# Happy Birthday to suedew



## nukeadmin (Oct 10, 2003)

Happy Birthday to suedew who is 65 today
ccasion5: ccasion7: ccasion9: ccasion6:
Many Happy Returns


----------



## bigtree (Feb 3, 2007)

Happy Birthday Sue.


----------



## listerdiesel (Aug 3, 2012)

Happy Birthday, Sue!

Have a great day.

Peter


----------



## tugboat (Sep 14, 2013)

Many Happy Returns, Sue. Hope you have a great day.

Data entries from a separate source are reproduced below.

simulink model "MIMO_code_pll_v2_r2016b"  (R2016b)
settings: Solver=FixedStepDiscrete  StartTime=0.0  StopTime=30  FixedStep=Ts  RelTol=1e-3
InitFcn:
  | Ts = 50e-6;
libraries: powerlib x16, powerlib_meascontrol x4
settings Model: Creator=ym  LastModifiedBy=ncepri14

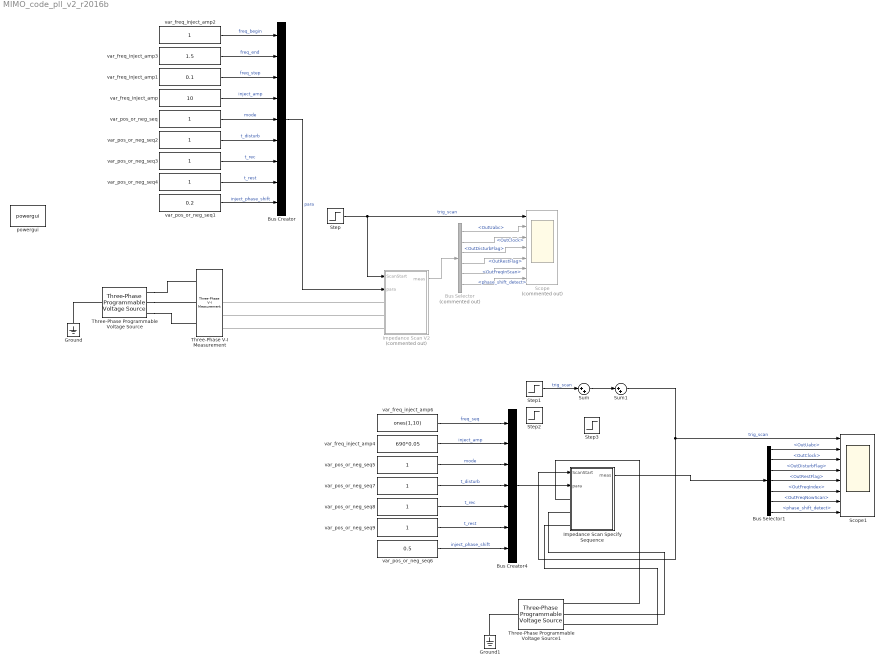
== system MIMO_code_pll_v2_r2016b ==
  Bus Creator : BusCreator  Inputs=9
  Bus Creator4 : BusCreator  Inputs=7
  Bus Selector : BusSelector  Commented=on  OutputSignals=scan_module_meas.OutUabc,scan_module_meas.OutClock,scan_module_meas.OutDisturbFlag,scan_module_meas.OutRestFlag,scan_module_meas.OutFreqInScan,phase_shift_detect
  Bus Selector1 : BusSelector  OutputSignals=scan_module_meas.OutUabc,scan_module_meas.OutClock,scan_module_meas.OutDisturbFlag,scan_module_meas.OutRestFlag,scan_module_meas.OutFreqIndex,scan_module_meas.OutFreqNowScan,phase_shift_detect
  Ground : powerlib/Elements/Ground  LConnTagsString=a
  Ground1 : powerlib/Elements/Ground  LConnTagsString=a
  Impedance Scan Specify Sequence : Subsystem  mask{var_gui_external=External, var_t_start=2, var_freq_seq=[1:350], var_inject_duration=1, var_record_duration=1, var_rest_duration=2, var_inject_amp=690*0.05, var_inject_mode=1, var_inject_phase_shift=0, var_ts=50e-6}
      mask prompts: var_gui_external "Using"; var_t_start "Injection starting time (s)"; var_freq_seq "Frequency Sequence (Hz)"; var_inject_duration "Injection durtion (s)"; var_record_duration "Record duration (s), this set only output a recording signal"; var_rest_duration "Stable durtion (s)"; var_inject_amp "Injection magnitude. eg. 690*0.02"; var_inject_mode "Injection mode. eg 1 for Positive sequence, 2 for Negative, 3 for MIMO"; var_inject_phase_shift "Injection phase shift angle (deg). eg. if set 20 deg, disturb will injected when the phase angle 20deg of grid Uabc comes"; var_ts "Sample time"
      mask help:
      | |--------------Injection duration--------------|-----Stable duration------|
      |                      |-----Record duration-----|
      |
      | Record duration <= Inject duration
      |
      | Freq coupling implemented in this version
      mask init:
      | block = find_system(gcb,...
      |           'LookUnderMasks','on',...
      |           'FollowLinks','on','Name','In2');
      | % p=Simulink.Mask.get(gcb);
      | 
      | maskObj = Simulink.Mask.get(gcb);
      | [control, phandle] = maskObj.getDialogControl('para_group_gui_setting_zone');
      | 
      | switch var_gui_external
      |     case 1
      |         
      | %       if ~isempty(block)
      | % %         delete_block(block);
      | %         
      | %       end
      |       control.Visible = 'on';
      | 
      |       
      |       
      | %       p.getDialogControl('para_group_gui_setting_zone').Visible='on';
      |     case 2
      |         
      | %         if isempty(block)
      | % %             add_block('built-in/Inport',[gcb,'/In2']);
      | %         end
      |         
      |         control.Visible = 'off';
      | %         p.getDialogControl('para_group_gui_setting_zone').Visible='off';
      | end % switch
      | 
      | disp(num2str(var_gui_external));
      mask Help:
      | by Yamin
      | v2(2024/5/17):
      | 1. add PLL phase alignment;
      | 2. Frequence sequence now can be specified by vector, elements could be random if you intend to do so.
      mask TypeOptions var_gui_external: GUI | External
  Impedance Scan V2 : Subsystem  Commented=on  mask{var_gui_external=External, t_start=2, freq_begin=1, freq_end=10, freq_step=1, inject_duration=1, record_duration=1, stable_duration=2, amp_inject=1, inject_mode=1, inject_phase_shift=30, var_ts=50e-6}
      mask prompts: var_gui_external "Using"; t_start "Injection starting time (s)"; freq_begin "Frequency begin (Hz)"; freq_end "Frequncy end (Hz)"; freq_step "Frequency step (Hz)"; inject_duration "Injection durtion (s)"; record_duration "Record duration (s), this set only output a recording signal"; stable_duration "Stable durtion (s)"; amp_inject "Injection magnitude. eg. 690*0.02"; inject_mode "Injection mode. eg 1 for Positive sequence, 2 for Negative, 3 for MIMO"; inject_phase_shift "Injection phase shift angle (deg). eg. if set 20 deg, disturb will injected when the phase angle 20deg of grid Uabc comes"; var_ts "Sample time"
      mask help:
      | |--------------Injection duration--------------|-----Stable duration------|
      |                      |-----Record duration-----|
      |
      | Record duration <= Inject duration
      |
      | Freq coupling implemented in this version
      mask init: same as MIMO_code_pll_v2_r2016b/Impedance Scan Specify Sequence
      mask Help: by Yamin
      mask TypeOptions var_gui_external: GUI | External
  Scope : Scope  Commented=on  NumInputPorts=7
  Scope1 : Scope  NumInputPorts=8
  Step : Step  SampleTime=0
  Step1 : Step  SampleTime=0
  Step2 : Step  Time=2  After=-1  SampleTime=0
  Step3 : Step  Time=5  SampleTime=0
  Sum : Sum  Inputs=|++
  Sum1 : Sum  Inputs=|++
  Three-Phase Programmable Voltage Source : powerlib/Electrical Sources/Three-Phase Programmable Voltage Source  PositiveSequence="[100  0 60]"  VariationEntity=None  VariationType=Table of time-amplitude pairs  VariationTypeAlt=Step  VariationStep=0.5  VariationRate=10  VariationMagnitude=0.3  VariationFrequency=2  VariationTiming=[1 2]  VariationPhaseA=off  Amplitudes=[1 0.8 1.2 1.0]  TimeValues=[0 0.1 0.15 0.2]  HarmonicGeneration=off  HarmonicA=[3 0.2 -25 0]  HarmonicB=[2 0.15 35 2]  Timing="[0.05  3]"  BusType=swing  Pref=0  Qref=0  Qmin=-inf  Qmax=inf
  Three-Phase Programmable Voltage Source1 : powerlib/Electrical Sources/Three-Phase Programmable Voltage Source  PositiveSequence="[100  0 60]"  VariationEntity=None  VariationType=Table of time-amplitude pairs  VariationTypeAlt=Step  VariationStep=0.5  VariationRate=10  VariationMagnitude=0.3  VariationFrequency=2  VariationTiming=[1 2]  VariationPhaseA=off  Amplitudes=[1 0.8 1.2 1.0]  TimeValues=[0 0.1 0.15 0.2]  HarmonicGeneration=off  HarmonicA=[3 0.2 -25 0]  HarmonicB=[2 0.15 35 2]  Timing="[0.05  3]"  BusType=swing  Pref=0  Qref=0  Qmin=-inf  Qmax=inf
  Three-Phase V-I Measurement : powerlib/Measurements/Three-Phase V-I Measurement  VoltageMeasurement=phase-to-ground  SetLabelV=off  LabelV=Vabc  Vpu=off  VpuLL=off  CurrentMeasurement=yes  SetLabelI=off  LabelI=Iabc  Ipu=off  Pbase=100e6  Vbase=500e3  OutputType=Complex  PhasorSimulation=off  PSBequivalent=0
  powergui : powerlib/powergui  Priority=1  SimulationMode=Discrete  SolverType=Tustin/Backward Euler (TBE)  SampleTime=Ts  frequency=60  SPID=off  DisableSnubberDevices=off  DisableRonSwitches=off  DisableVfSwitches=off  SwTol=0  DisplayEquations=off  Interpol=off  ExternalGateDelay=off  methode=off  Ts=10  FunctionMessages=off  echomessages=off  HookPort=off  EnableUseOfTLC=off  x0status=blocks  frequencyindice=60  Pbase=100e6  ErrMax=1e-4  Iterations=50  UnitsV=kV  UnitsW=MW  buscounter=0  RestoreLinks=warning  ResistiveCurrentMeasurement=off  Frange=[0:2:500]  Ylog=off  Xlog=on  ShowGrid=off  save=off  variable=ZData  structure=0  ZoomFFT=off  StartTime=0.0  cycles=1  DisplayStyle=1  fundamental=60  FreqAxis=off  MaxFrequency=1000  frequencyindicesteady=1  RmsSteady=1  display=off
  var_freq_inject_amp : Constant  Value=10
  var_freq_inject_amp1 : Constant  Value=0.1
  var_freq_inject_amp2 : Constant
  var_freq_inject_amp3 : Constant  Value=1.5
  var_freq_inject_amp4 : Constant  Value=690*0.05
  var_freq_inject_amp6 : Constant  Value=ones(1,10)
  var_pos_or_neg_seq{,2..5,7..9} (8 alike) : Constant
  var_pos_or_neg_seq1 : Constant  Value=0.2
  var_pos_or_neg_seq6 : Constant  Value=0.5
  wires:
  Impedance Scan V2/1(meas) -> Bus Selector/1
  var_freq_inject_amp1/1 -> Bus Creator/3  "freq_step"
  var_freq_inject_amp/1 -> Bus Creator/4  "inject_amp"
  var_pos_or_neg_seq/1 -> Bus Creator/5  "mode"
  var_pos_or_neg_seq2/1 -> Bus Creator/6  "t_disturb"
  var_pos_or_neg_seq3/1 -> Bus Creator/7  "t_rec"
  var_pos_or_neg_seq4/1 -> Bus Creator/8  "t_rest"
  var_freq_inject_amp2/1 -> Bus Creator/1  "freq_begin"
  var_freq_inject_amp3/1 -> Bus Creator/2  "freq_end"
  Step/1 -> Impedance Scan V2/1(ScanStart), Scope/1  "trig_scan"
  Bus Creator/1 -> Impedance Scan V2/2(para)  "para"
  var_pos_or_neg_seq1/1 -> Bus Creator/9  "inject_phase_shift"
  Bus Selector/3 -> Scope/4  "<OutDisturbFlag>"
  Bus Selector/2 -> Scope/3  "<OutClock>"
  Bus Selector/4 -> Scope/5  "<OutRestFlag>"
  Bus Selector/1 -> Scope/2  "<OutUabc>"
  Bus Selector/5 -> Scope/6  "<OutFreqInScan>"
  Bus Selector/6 -> Scope/7  "<phase_shift_detect>"
  var_freq_inject_amp4/1 -> Bus Creator4/2  "inject_amp"
  var_pos_or_neg_seq5/1 -> Bus Creator4/3  "mode"
  var_pos_or_neg_seq7/1 -> Bus Creator4/4  "t_disturb"
  var_pos_or_neg_seq8/1 -> Bus Creator4/5  "t_rec"
  var_pos_or_neg_seq9/1 -> Bus Creator4/6  "t_rest"
  var_freq_inject_amp6/1 -> Bus Creator4/1  "freq_seq"
  var_pos_or_neg_seq6/1 -> Bus Creator4/7  "inject_phase_shift"
  Bus Creator4/1 -> Impedance Scan Specify Sequence/2(para)
  Impedance Scan Specify Sequence/1(meas) -> Bus Selector1/1
  Sum1/1 -> Impedance Scan Specify Sequence/1(ScanStart), Scope1/1  "trig_scan"
  Step1/1 -> Sum/1  "trig_scan"
  Sum/1 -> Sum1/1
  Bus Selector1/4 -> Scope1/5  "<OutRestFlag>"
  Bus Selector1/3 -> Scope1/4  "<OutDisturbFlag>"
  Bus Selector1/5 -> Scope1/6  "<OutFreqIndex>"
  Bus Selector1/2 -> Scope1/3  "<OutClock>"
  Bus Selector1/6 -> Scope1/7  "<OutFreqNowScan>"
  Bus Selector1/1 -> Scope1/2  "<OutUabc>"
  Bus Selector1/7 -> Scope1/8  "<phase_shift_detect>"
  connections:
  Three-Phase Programmable Voltage Source/RConn3 -- Three-Phase V-I Measurement/LConn3
  Three-Phase Programmable Voltage Source/RConn2 -- Three-Phase V-I Measurement/LConn2
  Three-Phase Programmable Voltage Source/RConn1 -- Three-Phase V-I Measurement/LConn1
  Impedance Scan V2/LConn3 -- Three-Phase V-I Measurement/RConn3
  Impedance Scan V2/LConn2 -- Three-Phase V-I Measurement/RConn2
  Impedance Scan V2/LConn1 -- Three-Phase V-I Measurement/RConn1
  Ground/LConn1 -- Three-Phase Programmable Voltage Source/LConn1
  Ground1/LConn1 -- Three-Phase Programmable Voltage Source1/LConn1
  Impedance Scan Specify Sequence/LConn1 -- Three-Phase Programmable Voltage Source1/RConn1
  Impedance Scan Specify Sequence/LConn3 -- Three-Phase Programmable Voltage Source1/RConn3
  Impedance Scan Specify Sequence/LConn2 -- Three-Phase Programmable Voltage Source1/RConn2

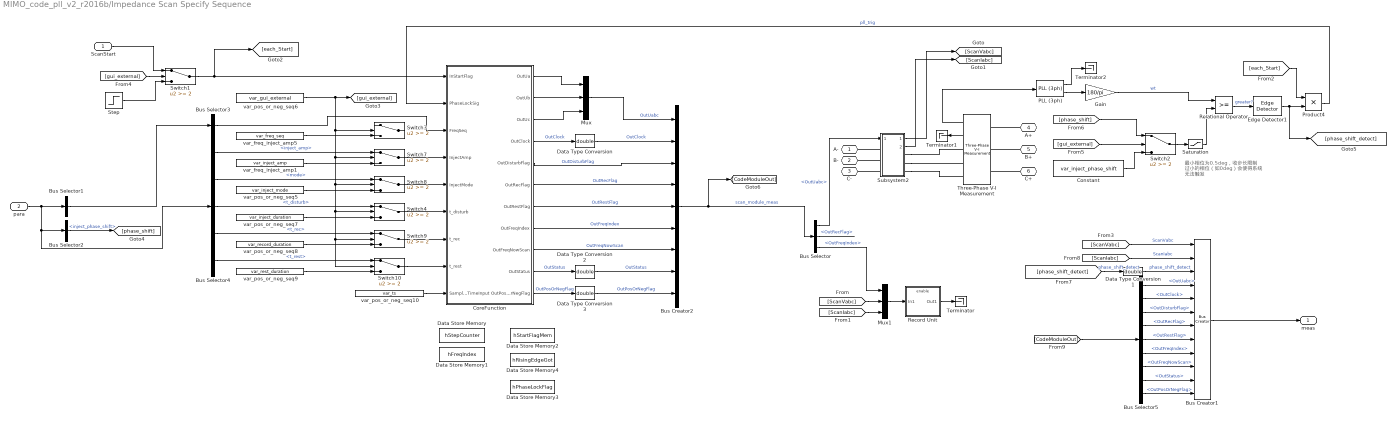
== system MIMO_code_pll_v2_r2016b/Impedance Scan Specify Sequence ==
  note: 最小相位为0.5deg，收步长限制
      | 过小的相位（如0deg）会使得系统
      | 无法触发
  ScanStart : Inport
  para : Inport  Port=2
  Bus Creator1 : BusCreator  Inputs=12
  Bus Creator2 : BusCreator  Inputs=9
  Bus Selector : BusSelector  OutputSignals=OutUabc,OutRecFlag,OutFreqIndex
  Bus Selector1 : BusSelector  OutputSignals=freq_seq,inject_amp,mode,t_disturb,t_rec,t_rest  OutputAsBus=on
  Bus Selector2 : BusSelector  OutputSignals=inject_phase_shift
  Bus Selector3 : BusSelector  OutputSignals=freq_seq  OutputAsBus=on
  Bus Selector4 : BusSelector  OutputSignals=inject_amp,mode,t_disturb,t_rec,t_rest
  Bus Selector5 : BusSelector  OutputSignals=OutUabc,OutClock,OutDisturbFlag,OutRecFlag,OutRestFlag,OutFreqIndex,OutFreqNowScan,OutStatus,OutPosOrNegFlag
  Constant : Constant  Value=var_inject_phase_shift
  CoreFunction : MATLAB Function  TreatAsAtomicUnit=on  SystemSampleTime=var_ts
  Data Store Memory : DataStoreMemory  DataStoreName=hStepCounter  ReadBeforeWriteMsg=warning  WriteAfterWriteMsg=warning  WriteAfterReadMsg=warning  ShowAdditionalParam=off  OutDataTypeStr=int32
  Data Store Memory1 : DataStoreMemory  DataStoreName=hFreqIndex  ReadBeforeWriteMsg=warning  WriteAfterWriteMsg=warning  WriteAfterReadMsg=warning  ShowAdditionalParam=off  OutDataTypeStr=double
  Data Store Memory2 : DataStoreMemory  DataStoreName=hStartFlagMem  ReadBeforeWriteMsg=warning  WriteAfterWriteMsg=warning  WriteAfterReadMsg=warning  ShowAdditionalParam=off  OutDataTypeStr=int32
  Data Store Memory3 : DataStoreMemory  DataStoreName=hPhaseLockFlag  ReadBeforeWriteMsg=warning  WriteAfterWriteMsg=warning  WriteAfterReadMsg=warning  ShowAdditionalParam=off  OutDataTypeStr=double
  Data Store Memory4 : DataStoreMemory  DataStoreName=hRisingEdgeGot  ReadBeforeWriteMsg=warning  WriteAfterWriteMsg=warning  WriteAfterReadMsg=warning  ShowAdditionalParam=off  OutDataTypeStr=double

Regards to John too.


----------



## 747 (Oct 2, 2009)

Happy Birthday Sue.


----------



## rayrecrok (Nov 21, 2008)

Happybbirthday from me and Sandra, have a nice one...


ray.


----------



## barryd (May 9, 2008)

A very happy Birthday Sue.


----------



## nicholsong (May 26, 2009)

Sue, Happy Birthday

You can take a Day Off from MHF as a present from us :lol: :lol: :lol: 

Geoff


----------



## cabby (May 14, 2005)

Happy Birthday Sue.

cabby


----------



## Kaytutt (Feb 5, 2013)

Happy Birthday Sue :new-bday:


----------



## LadyJ (May 9, 2005)

:new-bday: Sue hope it!s a good one :new-bday: 


Jacquie


----------



## chrisdougie (Apr 1, 2009)

Happy birthday Suedew

from 
Chrisdougie


----------



## prof20 (Jan 11, 2007)

Have a good birthday Sue.










Roger & Frances


----------



## dhutchy (Feb 7, 2010)

Happy birthday Sue


----------



## aldra (Jul 2, 2009)

A very very happy birthday Sue :new-bday: 

When are you over our way again??

sandra


----------



## rowley (May 14, 2005)

Wishing you all the best on your Birthday.


----------



## HermanHymer (Dec 5, 2008)

Hi Sue, Happy birthday and many more. I would have missed it had this post not just bubbled to the top of the list! Hope to see you again soon!


----------



## suedew (May 10, 2005)

Thank you all, for the birthday wishes.
Just home after a great birthday meal out and didn't need to drive, thanks Magoo.
Aldra, not sure when in your area, but will try to make it soon x


----------